Cliccando su "approvo", navigando il sito o scorrendo questa pagina confermi di accettare i cookies
(che ricordiamo possono essere sempre disabilitati dalle impostazioni del tuo browser).
Leggi come vengono utilizzati i cookies su questo sito - Approvo

Divorzio breve: è legge

Dopo oltre 40 anni di dibattito, l'Italia si prepara a una rivoluzione culturale e sociale. Per dirsi addio non bisognerà più aspettare tre anni. Oggi la Camera dovrebbe dare l'approvazione definitiva alla nuova legge sul divorzio. Dopo l'ok, basteranno sei mesi, al massimo un anno (se si ricorre al giudice), per rompere il legame con il coniuge. Previste importanti novità anche sulla comunione dei beni.
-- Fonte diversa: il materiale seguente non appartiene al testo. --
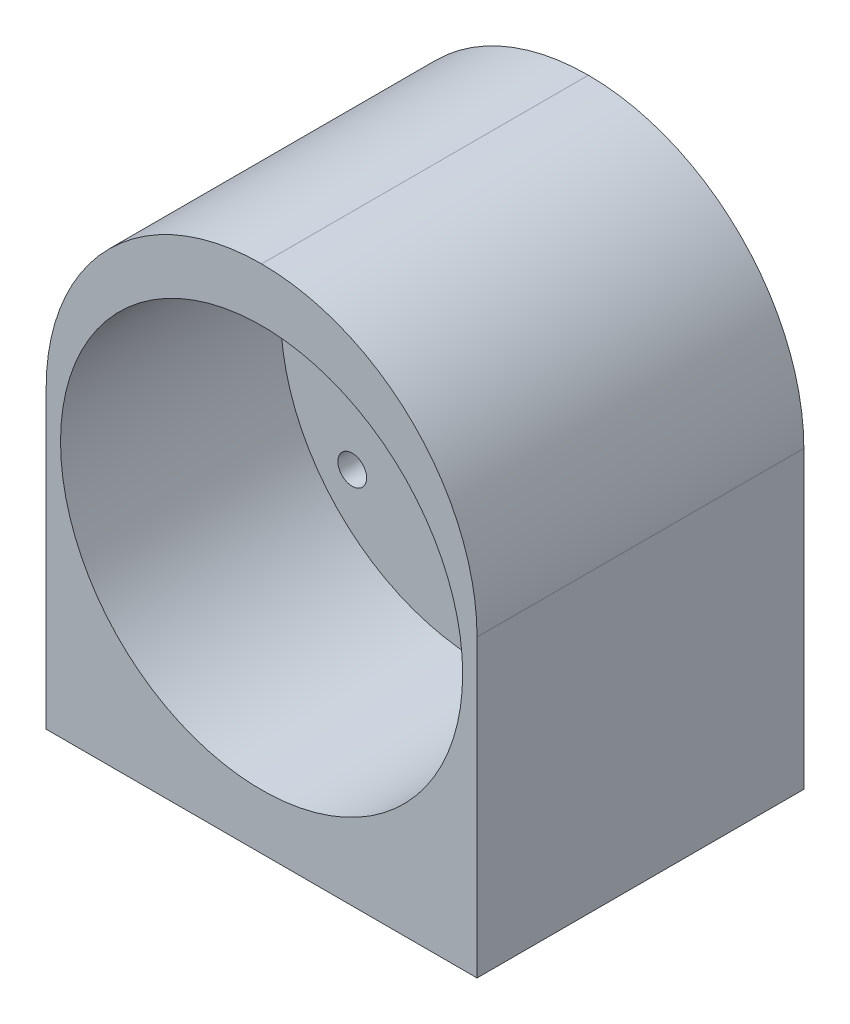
ISO-10303-21;
HEADER;
FILE_DESCRIPTION(('STEP AP214'),'2;1');
FILE_NAME('part.step','',(''),(''),'','','');
FILE_SCHEMA(('AUTOMOTIVE_DESIGN { 1 0 10303 214 1 1 1 1 }'));
ENDSEC;
DATA;
#1=APPLICATION_CONTEXT('core data for automotive mechanical design processes');
#2=APPLICATION_PROTOCOL_DEFINITION('international standard','automotive_design',2000,#1);
#3=PRODUCT_CONTEXT('',#1,'mechanical');
#4=PRODUCT('Part','Part','',(#3));
#5=PRODUCT_RELATED_PRODUCT_CATEGORY('part','',(#4));
#6=PRODUCT_DEFINITION_FORMATION('','',#4);
#7=PRODUCT_DEFINITION_CONTEXT('part definition',#1,'design');
#8=PRODUCT_DEFINITION('design','',#6,#7);
#9=PRODUCT_DEFINITION_SHAPE('','',#8);
#10=(LENGTH_UNIT() NAMED_UNIT(*) SI_UNIT(.MILLI.,.METRE.));
#11=(NAMED_UNIT(*) PLANE_ANGLE_UNIT() SI_UNIT($,.RADIAN.));
#12=(NAMED_UNIT(*) SI_UNIT($,.STERADIAN.) SOLID_ANGLE_UNIT());
#13=UNCERTAINTY_MEASURE_WITH_UNIT(LENGTH_MEASURE(1.E-05),#10,'distance_accuracy_value','');
#14=(GEOMETRIC_REPRESENTATION_CONTEXT(3) GLOBAL_UNCERTAINTY_ASSIGNED_CONTEXT((#13)) GLOBAL_UNIT_ASSIGNED_CONTEXT((#10,
#11,#12)) REPRESENTATION_CONTEXT('',''));
#15=CARTESIAN_POINT('',(0.,0.,0.));
#16=DIRECTION('',(0.,0.,1.));
#17=DIRECTION('',(1.,0.,0.));
#18=AXIS2_PLACEMENT_3D('',#15,#16,#17);
#19=CARTESIAN_POINT('',(-32.2359995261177,53.34,-12.1359057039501));
#20=DIRECTION('',(1.,0.,0.));
#21=DIRECTION('',(0.,0.,-1.));
#22=AXIS2_PLACEMENT_3D('',#19,#20,#21);
#23=PLANE('',#22);
#24=DIRECTION('',(0.,-1.,0.));
#25=VECTOR('',#24,1.);
#26=CARTESIAN_POINT('',(-32.2359995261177,53.34,21.9963290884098));
#27=LINE('',#26,#25);
#28=CARTESIAN_POINT('',(-32.2359995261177,30.84,21.9963290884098));
#29=VERTEX_POINT('',#28);
#30=CARTESIAN_POINT('',(-32.2359995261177,0.,21.9963290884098));
#31=VERTEX_POINT('',#30);
#32=EDGE_CURVE('E88',#29,#31,#27,.T.);
#33=ORIENTED_EDGE('',*,*,#32,.F.);
#34=DIRECTION('',(0.,0.,1.));
#35=VECTOR('',#34,1.);
#36=CARTESIAN_POINT('',(-32.2359995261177,30.84,-12.1359057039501));
#37=LINE('',#36,#35);
#38=CARTESIAN_POINT('',(-32.2359995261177,30.84,-12.1359057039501));
#39=VERTEX_POINT('',#38);
#40=EDGE_CURVE('E149',#29,#39,#37,.F.);
#41=ORIENTED_EDGE('',*,*,#40,.T.);
#42=DIRECTION('',(0.,-1.,0.));
#43=VECTOR('',#42,1.);
#44=CARTESIAN_POINT('',(-32.2359995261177,53.34,-12.1359057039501));
#45=LINE('',#44,#43);
#46=CARTESIAN_POINT('',(-32.2359995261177,0.,-12.1359057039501));
#47=VERTEX_POINT('',#46);
#48=EDGE_CURVE('E110',#39,#47,#45,.T.);
#49=ORIENTED_EDGE('',*,*,#48,.T.);
#50=DIRECTION('',(0.,0.,1.));
#51=VECTOR('',#50,1.);
#52=CARTESIAN_POINT('',(-32.2359995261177,0.,-12.1359057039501));
#53=LINE('',#52,#51);
#54=EDGE_CURVE('E105',#47,#31,#53,.T.);
#55=ORIENTED_EDGE('',*,*,#54,.T.);
#56=EDGE_LOOP('',(#33,#41,#49,#55));
#57=FACE_BOUND('',#56,.T.);
#58=ADVANCED_FACE('F36',(#57),#23,.F.);
#59=CARTESIAN_POINT('',(-32.2359995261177,53.34,21.9963290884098));
#60=DIRECTION('',(0.,0.,-1.));
#61=DIRECTION('',(-1.,0.,0.));
#62=AXIS2_PLACEMENT_3D('',#59,#60,#61);
#63=PLANE('',#62);
#64=CARTESIAN_POINT('',(-9.73400770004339,26.7535625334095,21.9963290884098));
#65=DIRECTION('',(0.,0.,-1.));
#66=DIRECTION('',(-1.,0.,0.));
#67=AXIS2_PLACEMENT_3D('',#64,#65,#66);
#68=CIRCLE('',#67,21.);
#69=CARTESIAN_POINT('',(-30.7340077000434,26.7535625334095,21.9963290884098));
#70=VERTEX_POINT('',#69);
#71=EDGE_CURVE('E112',#70,#70,#68,.T.);
#72=ORIENTED_EDGE('',*,*,#71,.T.);
#73=EDGE_LOOP('',(#72));
#74=FACE_BOUND('',#73,.T.);
#75=DIRECTION('',(0.,-1.,0.));
#76=VECTOR('',#75,1.);
#77=CARTESIAN_POINT('',(12.767984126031,53.34,21.9963290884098));
#78=LINE('',#77,#76);
#79=CARTESIAN_POINT('',(12.767984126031,30.84,21.9963290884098));
#80=VERTEX_POINT('',#79);
#81=CARTESIAN_POINT('',(12.767984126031,0.,21.9963290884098));
#82=VERTEX_POINT('',#81);
#83=EDGE_CURVE('E99',#80,#82,#78,.T.);
#84=ORIENTED_EDGE('',*,*,#83,.F.);
#85=CARTESIAN_POINT('',(-9.73201587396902,30.84,21.9963290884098));
#86=DIRECTION('',(0.,0.,-1.));
#87=DIRECTION('',(-1.,0.,0.));
#88=AXIS2_PLACEMENT_3D('',#85,#86,#87);
#89=CIRCLE('',#88,22.5);
#90=CARTESIAN_POINT('',(-9.73201587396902,53.34,21.9963290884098));
#91=VERTEX_POINT('',#90);
#92=EDGE_CURVE('E11',#80,#91,#89,.F.);
#93=ORIENTED_EDGE('',*,*,#92,.T.);
#94=DIRECTION('',(1.,0.,0.));
#95=VECTOR('',#94,1.);
#96=CARTESIAN_POINT('',(-32.2359995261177,53.34,21.9963290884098));
#97=LINE('',#96,#95);
#98=CARTESIAN_POINT('',(-9.73599952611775,53.34,21.9963290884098));
#99=VERTEX_POINT('',#98);
#100=EDGE_CURVE('E124',#99,#91,#97,.T.);
#101=ORIENTED_EDGE('',*,*,#100,.F.);
#102=CARTESIAN_POINT('',(-9.73599952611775,30.84,21.9963290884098));
#103=DIRECTION('',(0.,0.,-1.));
#104=DIRECTION('',(-1.,0.,0.));
#105=AXIS2_PLACEMENT_3D('',#102,#103,#104);
#106=CIRCLE('',#105,22.5);
#107=EDGE_CURVE('E94',#99,#29,#106,.F.);
#108=ORIENTED_EDGE('',*,*,#107,.T.);
#109=ORIENTED_EDGE('',*,*,#32,.T.);
#110=DIRECTION('',(1.,0.,0.));
#111=VECTOR('',#110,1.);
#112=CARTESIAN_POINT('',(-32.2359995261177,0.,21.9963290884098));
#113=LINE('',#112,#111);
#114=EDGE_CURVE('E91',#31,#82,#113,.T.);
#115=ORIENTED_EDGE('',*,*,#114,.T.);
#116=EDGE_LOOP('',(#84,#93,#101,#108,#109,#115));
#117=FACE_BOUND('',#116,.T.);
#118=ADVANCED_FACE('F90',(#74,#117),#63,.F.);
#119=CARTESIAN_POINT('',(12.767984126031,53.34,21.9963290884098));
#120=DIRECTION('',(-1.,0.,0.));
#121=DIRECTION('',(0.,0.,1.));
#122=AXIS2_PLACEMENT_3D('',#119,#120,#121);
#123=PLANE('',#122);
#124=DIRECTION('',(0.,-1.,0.));
#125=VECTOR('',#124,1.);
#126=CARTESIAN_POINT('',(12.767984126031,53.34,-12.1359057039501));
#127=LINE('',#126,#125);
#128=CARTESIAN_POINT('',(12.767984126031,30.84,-12.1359057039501));
#129=VERTEX_POINT('',#128);
#130=CARTESIAN_POINT('',(12.767984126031,0.,-12.1359057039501));
#131=VERTEX_POINT('',#130);
#132=EDGE_CURVE('E126',#129,#131,#127,.T.);
#133=ORIENTED_EDGE('',*,*,#132,.F.);
#134=DIRECTION('',(0.,0.,-1.));
#135=VECTOR('',#134,1.);
#136=CARTESIAN_POINT('',(12.767984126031,30.84,21.9963290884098));
#137=LINE('',#136,#135);
#138=EDGE_CURVE('E45',#129,#80,#137,.F.);
#139=ORIENTED_EDGE('',*,*,#138,.T.);
#140=ORIENTED_EDGE('',*,*,#83,.T.);
#141=DIRECTION('',(0.,0.,-1.));
#142=VECTOR('',#141,1.);
#143=CARTESIAN_POINT('',(12.767984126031,0.,21.9963290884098));
#144=LINE('',#143,#142);
#145=EDGE_CURVE('E107',#82,#131,#144,.T.);
#146=ORIENTED_EDGE('',*,*,#145,.T.);
#147=EDGE_LOOP('',(#133,#139,#140,#146));
#148=FACE_BOUND('',#147,.T.);
#149=ADVANCED_FACE('F233',(#148),#123,.F.);
#150=CARTESIAN_POINT('',(12.767984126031,53.34,-12.1359057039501));
#151=DIRECTION('',(0.,0.,1.));
#152=DIRECTION('',(1.,0.,0.));
#153=AXIS2_PLACEMENT_3D('',#150,#151,#152);
#154=PLANE('',#153);
#155=CARTESIAN_POINT('',(-9.73400770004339,26.7535625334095,-12.1359057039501));
#156=DIRECTION('',(0.,0.,1.));
#157=DIRECTION('',(1.,0.,0.));
#158=AXIS2_PLACEMENT_3D('',#155,#156,#157);
#159=CIRCLE('',#158,5.);
#160=CARTESIAN_POINT('',(-4.73400770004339,26.7535625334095,-12.1359057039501));
#161=VERTEX_POINT('',#160);
#162=EDGE_CURVE('E188',#161,#161,#159,.T.);
#163=ORIENTED_EDGE('',*,*,#162,.T.);
#164=EDGE_LOOP('',(#163));
#165=FACE_BOUND('',#164,.T.);
#166=CARTESIAN_POINT('',(-23.2634733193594,37.0451552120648,-12.1359057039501));
#167=DIRECTION('',(0.,0.,1.));
#168=DIRECTION('',(1.,0.,0.));
#169=AXIS2_PLACEMENT_3D('',#166,#167,#168);
#170=CIRCLE('',#169,1.5);
#171=CARTESIAN_POINT('',(-21.7634733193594,37.0451552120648,-12.1359057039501));
#172=VERTEX_POINT('',#171);
#173=EDGE_CURVE('E145',#172,#172,#170,.T.);
#174=ORIENTED_EDGE('',*,*,#173,.T.);
#175=EDGE_LOOP('',(#174));
#176=FACE_BOUND('',#175,.T.);
#177=CARTESIAN_POINT('',(-23.2634733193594,16.4619698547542,-12.1359057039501));
#178=DIRECTION('',(0.,0.,1.));
#179=DIRECTION('',(1.,0.,0.));
#180=AXIS2_PLACEMENT_3D('',#177,#178,#179);
#181=CIRCLE('',#180,1.5);
#182=CARTESIAN_POINT('',(-21.7634733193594,16.4619698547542,-12.1359057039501));
#183=VERTEX_POINT('',#182);
#184=EDGE_CURVE('E141',#183,#183,#181,.T.);
#185=ORIENTED_EDGE('',*,*,#184,.T.);
#186=EDGE_LOOP('',(#185));
#187=FACE_BOUND('',#186,.T.);
#188=CARTESIAN_POINT('',(3.7954579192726,16.4619698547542,-12.1359057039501));
#189=DIRECTION('',(0.,0.,1.));
#190=DIRECTION('',(1.,0.,0.));
#191=AXIS2_PLACEMENT_3D('',#188,#189,#190);
#192=CIRCLE('',#191,1.5);
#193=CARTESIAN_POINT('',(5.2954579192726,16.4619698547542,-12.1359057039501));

"Finalmente il testo sul divorzio breve è pronto per l'Aula. Dopo decenni il Paese avra' dunque norme piu' moderne che accorciano i tempi del divorzio". Così ha dichiarato lo scorso 9 aprile Alessia Morani, deputata Pd nella commissione Giustizia. "La legge che abbiamo licenziato oggi in commissione e' equilibrata, di buon senso e sara' molto utile per ridurre le conflittualita', soprattutto nel rispetto dei figli delle coppie che scelgono di separarsi". 

Ed ecco cosa prevede il divorzio breve: non saranno più necessari gli attuali tre anni di attesa, indipendentemente dalla presenza o meno di figli; restano i due gradi di giudizio. Il termine decorre dalla comparsa dei coniugi davanti al presidente del tribunale.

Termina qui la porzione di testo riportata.